» What you need to do
Scan the records for "LowerSaturationLimit". Show the matching lines.

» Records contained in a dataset
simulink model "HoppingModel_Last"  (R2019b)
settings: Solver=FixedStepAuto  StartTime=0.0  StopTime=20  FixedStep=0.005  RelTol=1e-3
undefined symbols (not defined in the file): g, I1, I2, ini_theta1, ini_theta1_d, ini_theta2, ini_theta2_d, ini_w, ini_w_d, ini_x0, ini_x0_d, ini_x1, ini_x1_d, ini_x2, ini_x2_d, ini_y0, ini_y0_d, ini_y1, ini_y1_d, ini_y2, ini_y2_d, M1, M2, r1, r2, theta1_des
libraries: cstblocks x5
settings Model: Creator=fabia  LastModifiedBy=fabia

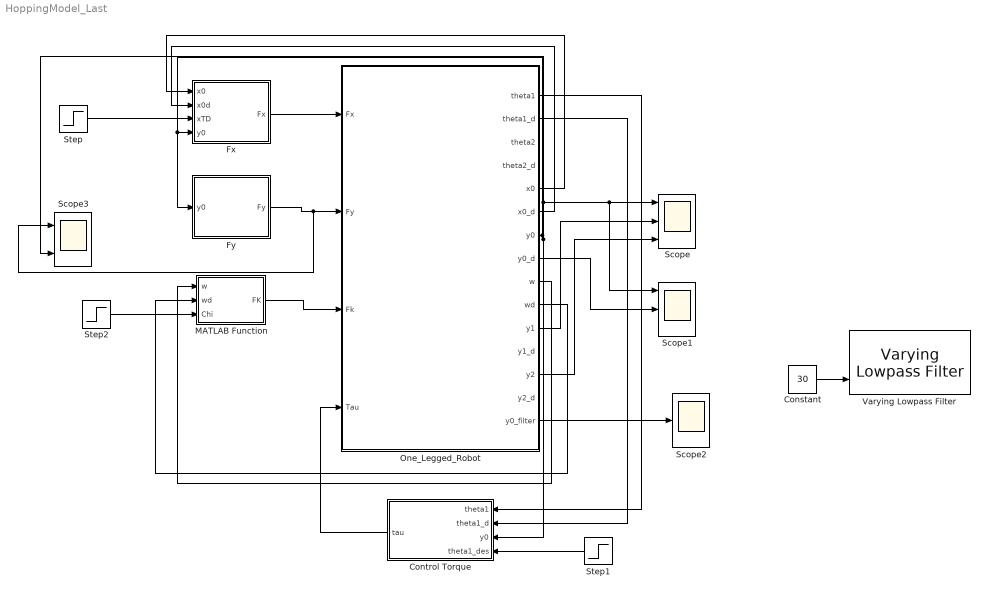
== system HoppingModel_Last ==
  Constant : Constant  Value=30
  Control Torque : MATLAB Function  TreatAsAtomicUnit=on
  Fx : MATLAB Function  TreatAsAtomicUnit=on
  Fy : MATLAB Function  TreatAsAtomicUnit=on
  MATLAB Function : MATLAB Function  TreatAsAtomicUnit=on
  One_Legged_Robot : Subsystem
  Scope : Scope  NumInputPorts=3
  Scope1 : Scope  NumInputPorts=3
  Scope2 : Scope
  Scope3 : Scope  NumInputPorts=2
  Step : Step  Time=0  After=0  SampleTime=0
  Step1 : Step  Time=0  After=theta1_des  SampleTime=0
  Step2 : Step  Time=0  After=0.1  SampleTime=0
  Varying Lowpass Filter : cstblocks/Linear Parameter Varying/Varying Lowpass Filter  N=1
      settings: SourceProductName=Control System Toolbox
  wires:
  Fx/1(Fx) -> One_Legged_Robot/1(Fx)
  One_Legged_Robot/6(x0_d) -> Fx/2(x0d)
  Step/1 -> Fx/3(xTD)
  Step2/1 -> MATLAB Function/3(Chi)
  Control Torque/1(tau) -> One_Legged_Robot/4(Tau)
  One_Legged_Robot/1(theta1) -> Control Torque/1(theta1)
  One_Legged_Robot/2(theta1_d) -> Control Torque/2(theta1_d)
  Step1/1 -> Control Torque/4(theta1_des)
  One_Legged_Robot/11(y1) -> Scope/2
  One_Legged_Robot/13(y2) -> Scope/3
  One_Legged_Robot/7(y0) -> Fy/1(y0), Fx/4(y0), Scope3/2, Scope1/1, Scope/1, Control Torque/3(y0)
  Constant/1 -> Varying Lowpass Filter/2
  One_Legged_Robot/5(x0) -> Fx/1(x0)
  Fy/1(Fy) -> Scope3/1, One_Legged_Robot/2(Fy)
  One_Legged_Robot/9(w) -> MATLAB Function/1(w)
  One_Legged_Robot/10(wd) -> MATLAB Function/2(wd)
  One_Legged_Robot/8(y0_d) -> Scope1/2
  One_Legged_Robot/15(y0_filter) -> Scope2/1
  MATLAB Function/1(FK) -> One_Legged_Robot/3(Fk)

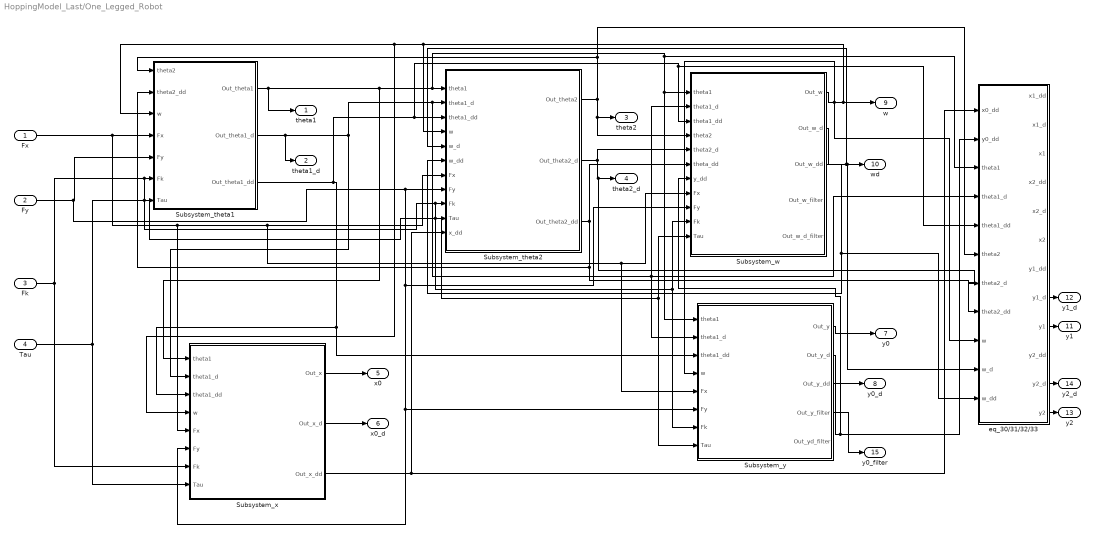
== system HoppingModel_Last/One_Legged_Robot ==
  Fx : Inport
  Fy : Inport  Port=2
  Fk : Inport  Port=3
  Tau : Inport  Port=4
  Subsystem_theta1 : Subsystem
  Subsystem_theta2 : Subsystem
  Subsystem_w : Subsystem
  Subsystem_x : Subsystem
  Subsystem_y : Subsystem
  "eq_30/31/32/33 " : Subsystem
  theta1 : Outport
  theta1_d : Outport  Port=2
  theta2 : Outport  Port=3
  theta2_d : Outport  Port=4
  x0 : Outport  Port=5
  x0_d : Outport  Port=6
  y0 : Outport  Port=7
  y0_d : Outport  Port=8
  w : Outport  Port=9
  wd : Outport  Port=10
  y1 : Outport  Port=11
  y1_d : Outport  Port=12
  y2 : Outport  Port=13
  y2_d : Outport  Port=14
  y0_filter : Outport  Port=15
  wires:
  Subsystem_theta1/1(Out_theta1) -> Subsystem_x/1(theta1), "eq_30/31/32/33 "/3(theta1), Subsystem_y/1(theta1), Subsystem_w/1(theta1), Subsystem_theta2/1(theta1), theta1/1
  Subsystem_theta1/2(Out_theta1_d) -> Subsystem_y/2(theta1_d), "eq_30/31/32/33 "/4(theta1_d), Subsystem_w/2(theta1_d), Subsystem_theta2/2(theta1_d), Subsystem_x/2(theta1_d), theta1_d/1
  Subsystem_x/1(Out_x) -> x0/1
  Subsystem_x/2(Out_x_d) -> x0_d/1
  Subsystem_y/1(Out_y) -> y0/1
  Subsystem_y/2(Out_y_d) -> y0_d/1
  "eq_30/31/32/33 "/9(y1) -> y1/1
  "eq_30/31/32/33 "/8(y1_d) -> y1_d/1
  "eq_30/31/32/33 "/12(y2) -> y2/1
  "eq_30/31/32/33 "/11(y2_d) -> y2_d/1
  Subsystem_w/2(Out_w_d) -> "eq_30/31/32/33 "/10(w_d), wd/1, Subsystem_theta2/5(w_d)
  Subsystem_w/1(Out_w) -> Subsystem_y/4(w), "eq_30/31/32/33 "/9(w), Subsystem_theta2/4(w), Subsystem_x/4(w), Subsystem_theta1/3(w), w/1
  Subsystem_theta2/1(Out_theta2) -> "eq_30/31/32/33 "/6(theta2), Subsystem_theta1/1(theta2), Subsystem_w/4(theta2), theta2/1
  Subsystem_theta2/2(Out_theta2_d) -> Subsystem_w/5(theta2_d), "eq_30/31/32/33 "/7(theta2_d), theta2_d/1
  Subsystem_theta1/3(Out_theta1_dd) -> Subsystem_x/3(theta1_dd), Subsystem_y/3(theta1_dd), "eq_30/31/32/33 "/5(theta1_dd), Subsystem_w/3(theta1_dd), Subsystem_theta2/3(theta1_dd)
  Subsystem_theta2/3(Out_theta2_dd) -> "eq_30/31/32/33 "/8(theta2_dd), Subsystem_theta1/2(theta2_dd), Subsystem_w/6(theta_dd)
  Subsystem_w/3(Out_w_dd) -> "eq_30/31/32/33 "/11(w_dd), Subsystem_theta2/6(w_dd)
  Subsystem_y/3(Out_y_dd) -> "eq_30/31/32/33 "/2(y0_dd), Subsystem_w/7(y_dd)
  Subsystem_x/3(Out_x_dd) -> "eq_30/31/32/33 "/1(x0_dd), Subsystem_theta2/11(x_dd)
  Fx/1 -> Subsystem_x/5(Fx), Subsystem_y/5(Fx), Subsystem_w/8(Fx), Subsystem_theta2/7(Fx), Subsystem_theta1/4(Fx)
  Fy/1 -> Subsystem_w/9(Fy), Subsystem_x/6(Fy), Subsystem_y/6(Fy), Subsystem_theta2/8(Fy), Subsystem_theta1/5(Fy)
  Fk/1 -> Subsystem_x/7(Fk), Subsystem_y/7(Fk), Subsystem_w/10(Fk), Subsystem_theta2/9(Fk), Subsystem_theta1/6(Fk)
  Tau/1 -> Subsystem_x/8(Tau), Subsystem_y/8(Tau), Subsystem_w/11(Tau), Subsystem_theta2/10(Tau), Subsystem_theta1/7(Tau)
  Subsystem_y/4(Out_y_filter) -> y0_filter/1

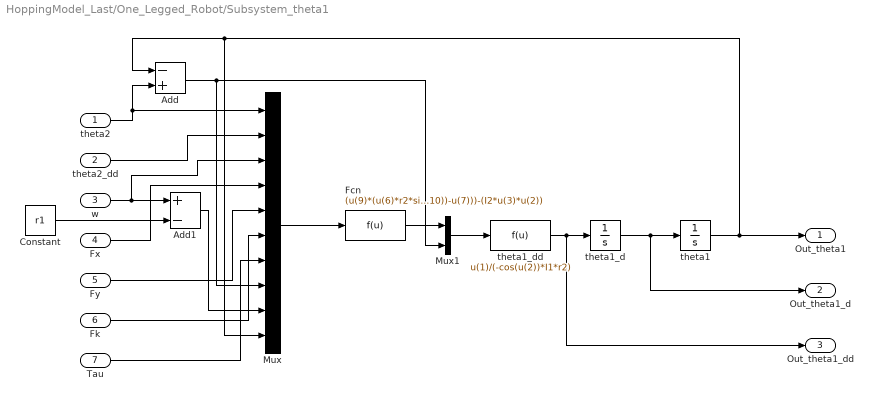
== system HoppingModel_Last/One_Legged_Robot/Subsystem_theta1 ==
  theta2 : Inport
  theta2_dd : Inport  Port=2
  w : Inport  Port=3
  Fx : Inport  Port=4
  Fy : Inport  Port=5
  Fk : Inport  Port=6
  Tau : Inport  Port=7
  Add : Sum  Inputs=-+
  Add1 : Sum  Inputs=+-
  Constant : Constant  Value=r1
  Fcn : Fcn  Expr=(u(9)*(u(6)*r2*sin(u(8))+u(7)))-(r2*cos(u(8))*(r1*u(5)*sin(u(10))-r1*u(4)*cos(u(10))-u(7)))-(I2*u(3)*u(2))
  Mux : Mux  Inputs=10
  Mux1 : Mux  Inputs=2
  theta1 : Integrator  InitialCondition=ini_theta1  LimitOutput=on  UpperSaturationLimit=pi/2  LowerSaturationLimit=-pi/2
  theta1_d : Integrator  InitialCondition=ini_theta1_d  LimitOutput=on  UpperSaturationLimit=pi/2  LowerSaturationLimit=-pi/2
  theta1_dd : Fcn  Expr=u(1)/(-cos(u(2))*I1*r2)
  Out_theta1 : Outport
  Out_theta1_d : Outport  Port=2
  Out_theta1_dd : Outport  Port=3
  wires:
  theta2/1 -> Mux/1, Add/2
  theta1/1 -> Out_theta1/1, Mux/10, Add/1
  w/1 -> Mux/3, Add1/1
  Constant/1 -> Add1/2
  theta2_dd/1 -> Mux/2
  Fx/1 -> Mux/4
  Fy/1 -> Mux/5
  Fk/1 -> Mux/6
  Tau/1 -> Mux/7
  Add/1 -> Mux/8, Mux1/2
  Add1/1 -> Mux/9
  Mux/1 -> Fcn/1
  Fcn/1 -> Mux1/1
  Mux1/1 -> theta1_dd/1
  theta1_dd/1 -> Out_theta1_dd/1, theta1_d/1
  theta1_d/1 -> Out_theta1_d/1, theta1/1

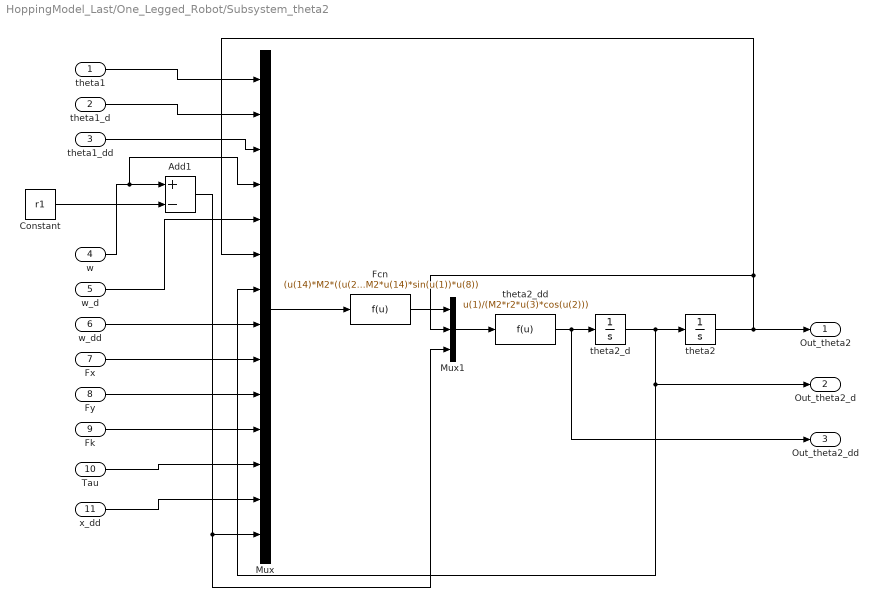
== system HoppingModel_Last/One_Legged_Robot/Subsystem_theta2 ==
  theta1 : Inport
  theta1_d : Inport  Port=2
  theta1_dd : Inport  Port=3
  w : Inport  Port=4
  w_d : Inport  Port=5
  w_dd : Inport  Port=6
  Fx : Inport  Port=7
  Fy : Inport  Port=8
  Fk : Inport  Port=9
  Tau : Inport  Port=10
  x_dd : Inport  Port=11
  Add1 : Sum  Inputs=+-
  Constant : Constant  Value=r1
  Fcn : Fcn  Expr=(u(14)*M2*((u(2)^2)*u(14)*sin(u(1))-2*u(2)*u(5)*cos(u(1))+r2*(u(7)^2)*sin(u(6))+r1*(u(2)^2)*sin(u(1))))-(r1*u(9)*(cos(u(1)))^2)+(cos(u(1))*(r1*u(10)*sin(u(1))-u(12)))+(u(11)*u(14)*sin(u(1)))-(M2*u(14)*u(13))-(cos(u(1))*(M2*u(14)*u(4)+I1)*u(3))-(M2*u(14)*sin(u(1))*u(8))
  Mux : Mux  Inputs=14
  Mux1 : Mux  Inputs=3
  theta2 : Integrator  InitialCondition=ini_theta2
  theta2_d : Integrator  InitialCondition=ini_theta2_d
  theta2_dd : Fcn  Expr=u(1)/(M2*r2*u(3)*cos(u(2)))
  Out_theta2 : Outport
  Out_theta2_d : Outport  Port=2
  Out_theta2_dd : Outport  Port=3
  wires:
  theta2/1 -> Mux1/2, Mux/6, Out_theta2/1
  Fcn/1 -> Mux1/1
  Mux1/1 -> theta2_dd/1
  theta2_dd/1 -> Out_theta2_dd/1, theta2_d/1
  theta2_d/1 -> Mux/7, Out_theta2_d/1, theta2/1
  Constant/1 -> Add1/2
  theta1/1 -> Mux/1
  theta1_d/1 -> Mux/2
  theta1_dd/1 -> Mux/3
  Add1/1 -> Mux1/3, Mux/14
  Mux/1 -> Fcn/1
  w/1 -> Mux/4, Add1/1
  w_d/1 -> Mux/5
  w_dd/1 -> Mux/8
  Fx/1 -> Mux/9
  Fy/1 -> Mux/10
  Fk/1 -> Mux/11
  Tau/1 -> Mux/12
  x_dd/1 -> Mux/13

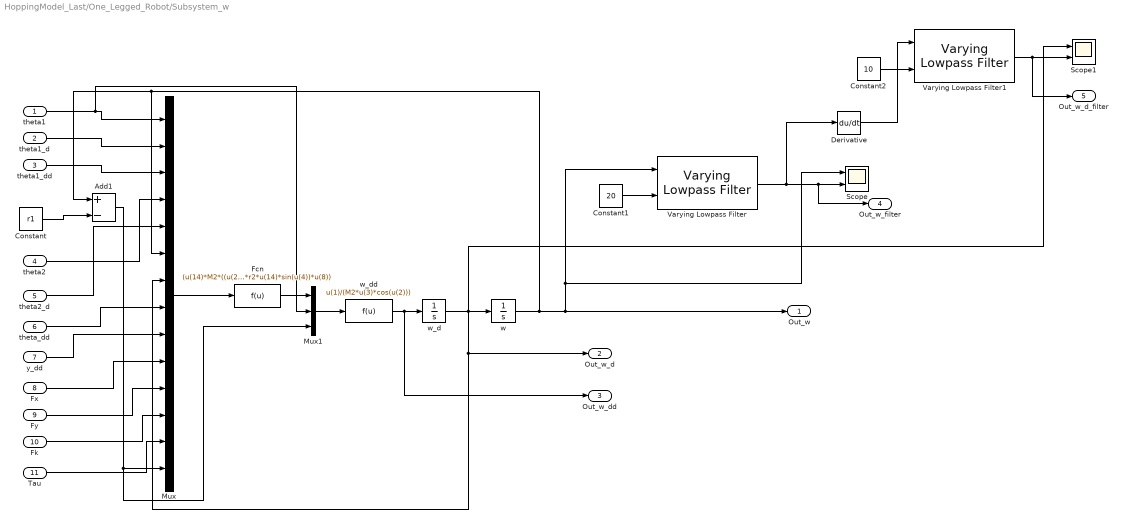
== system HoppingModel_Last/One_Legged_Robot/Subsystem_w ==
  theta1 : Inport
  theta1_d : Inport  Port=2
  theta1_dd : Inport  Port=3
  theta2 : Inport  Port=4
  theta2_d : Inport  Port=5
  theta_dd : Inport  Port=6
  y_dd : Inport  Port=7
  Fx : Inport  Port=8
  Fy : Inport  Port=9
  Fk : Inport  Port=10
  Tau : Inport  Port=11
  Add1 : Sum  Inputs=+-
  Constant : Constant  Value=r1
  Constant1 : Constant  Value=20
  Constant2 : Constant  Value=10
  Derivative : Derivative
  Fcn : Fcn  Expr=(u(14)*M2*((u(2)^2)*u(14)*cos(u(1))+2*u(2)*u(7)*sin(u(1))+r2*(u(5)^2)*cos(u(4))+r1*(u(2)^2)*cos(u(1))-g))+(r1*u(10)*cos(u(1))*sin(u(1)))-(sin(u(1))*(r1*u(11)*sin(u(1))-u(13)))+(u(12)*u(14)*cos(u(1)))+(sin(u(1))*(M2*u(14)*u(6)+I1)*u(3))-(M2*u(14)*u(9))+(M2*r2*u(14)*sin(u(4))*u(8))
  Mux : Mux  Inputs=14
  Mux1 : Mux  Inputs=3
  Scope : Scope  NumInputPorts=2
  Scope1 : Scope  NumInputPorts=2
  Varying Lowpass Filter : cstblocks/Linear Parameter Varying/Varying Lowpass Filter  N=1
      settings: SourceProductName=Control System Toolbox
  Varying Lowpass Filter1 : cstblocks/Linear Parameter Varying/Varying Lowpass Filter  N=1
      settings: SourceProductName=Control System Toolbox
  w : Integrator  InitialCondition=ini_w
  w_d : Integrator  InitialCondition=ini_w_d
  w_dd : Fcn  Expr=u(1)/(M2*u(3)*cos(u(2)))
  Out_w : Outport
  Out_w_d : Outport  Port=2
  Out_w_dd : Outport  Port=3
  Out_w_filter : Outport  Port=4
  Out_w_d_filter : Outport  Port=5
  wires:
  Fcn/1 -> Mux1/1
  Mux1/1 -> w_dd/1
  w_dd/1 -> Out_w_dd/1, w_d/1
  w_d/1 -> Scope1/1, Mux/7, Out_w_d/1, w/1
  Constant/1 -> Add1/2
  Mux/1 -> Fcn/1
  Add1/1 -> Mux1/3, Mux/14
  theta1/1 -> Mux1/2, Mux/1
  theta1_d/1 -> Mux/2
  theta1_dd/1 -> Mux/3
  theta2/1 -> Mux/4
  theta2_d/1 -> Mux/5
  theta_dd/1 -> Mux/8
  y_dd/1 -> Mux/9
  Fx/1 -> Mux/10
  Fy/1 -> Mux/11
  Fk/1 -> Mux/12
  Tau/1 -> Mux/13
  Constant1/1 -> Varying Lowpass Filter/2
  w/1 -> Mux/6, Add1/1, Out_w/1, Scope/1, Varying Lowpass Filter/1
  Derivative/1 -> Varying Lowpass Filter1/1
  Constant2/1 -> Varying Lowpass Filter1/2
  Varying Lowpass Filter/1 -> Derivative/1, Out_w_filter/1, Scope/2
  Varying Lowpass Filter1/1 -> Out_w_d_filter/1, Scope1/2

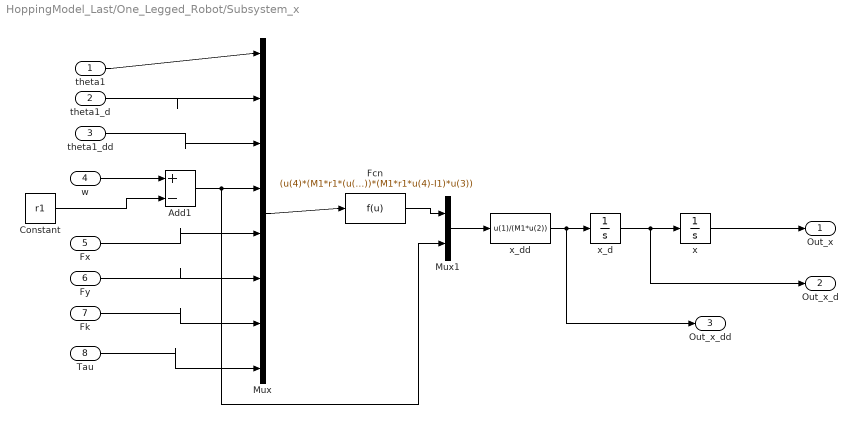
== system HoppingModel_Last/One_Legged_Robot/Subsystem_x ==
  theta1 : Inport
  theta1_d : Inport  Port=2
  theta1_dd : Inport  Port=3
  w : Inport  Port=4
  Fx : Inport  Port=5
  Fy : Inport  Port=6
  Fk : Inport  Port=7
  Tau : Inport  Port=8
  Add1 : Sum  Inputs=+-
  Constant : Constant  Value=r1
  Fcn : Fcn  Expr=(u(4)*(M1*r1*(u(2)^2)*sin(u(1))-u(7)*sin(u(1))+u(5)))-(cos(u(1))*(u(6)*r1*sin(u(1))-u(5)*r1*cos(u(1))-u(8)))-(cos(u(1))*(M1*r1*u(4)-I1)*u(3))
  Mux : Mux  Inputs=8
  Mux1 : Mux  Inputs=2
  x : Integrator  InitialCondition=ini_x0
  x_d : Integrator  InitialCondition=ini_x0_d
  x_dd : Fcn  Expr=u(1)/(M1*u(2))
  Out_x : Outport
  Out_x_d : Outport  Port=2
  Out_x_dd : Outport  Port=3
  wires:
  x/1 -> Out_x/1
  Fcn/1 -> Mux1/1
  Mux1/1 -> x_dd/1
  x_dd/1 -> Out_x_dd/1, x_d/1
  x_d/1 -> Out_x_d/1, x/1
  Constant/1 -> Add1/2
  Mux/1 -> Fcn/1
  w/1 -> Add1/1
  theta1/1 -> Mux/1
  theta1_d/1 -> Mux/2
  theta1_dd/1 -> Mux/3
  Add1/1 -> Mux1/2, Mux/4
  Fx/1 -> Mux/5
  Fy/1 -> Mux/6
  Fk/1 -> Mux/7
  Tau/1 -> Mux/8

» Solution
  theta1 : Integrator  InitialCondition=ini_theta1  LimitOutput=on  UpperSaturationLimit=pi/2  LowerSaturationLimit=-pi/2
  theta1_d : Integrator  InitialCondition=ini_theta1_d  LimitOutput=on  UpperSaturationLimit=pi/2  LowerSaturationLimit=-pi/2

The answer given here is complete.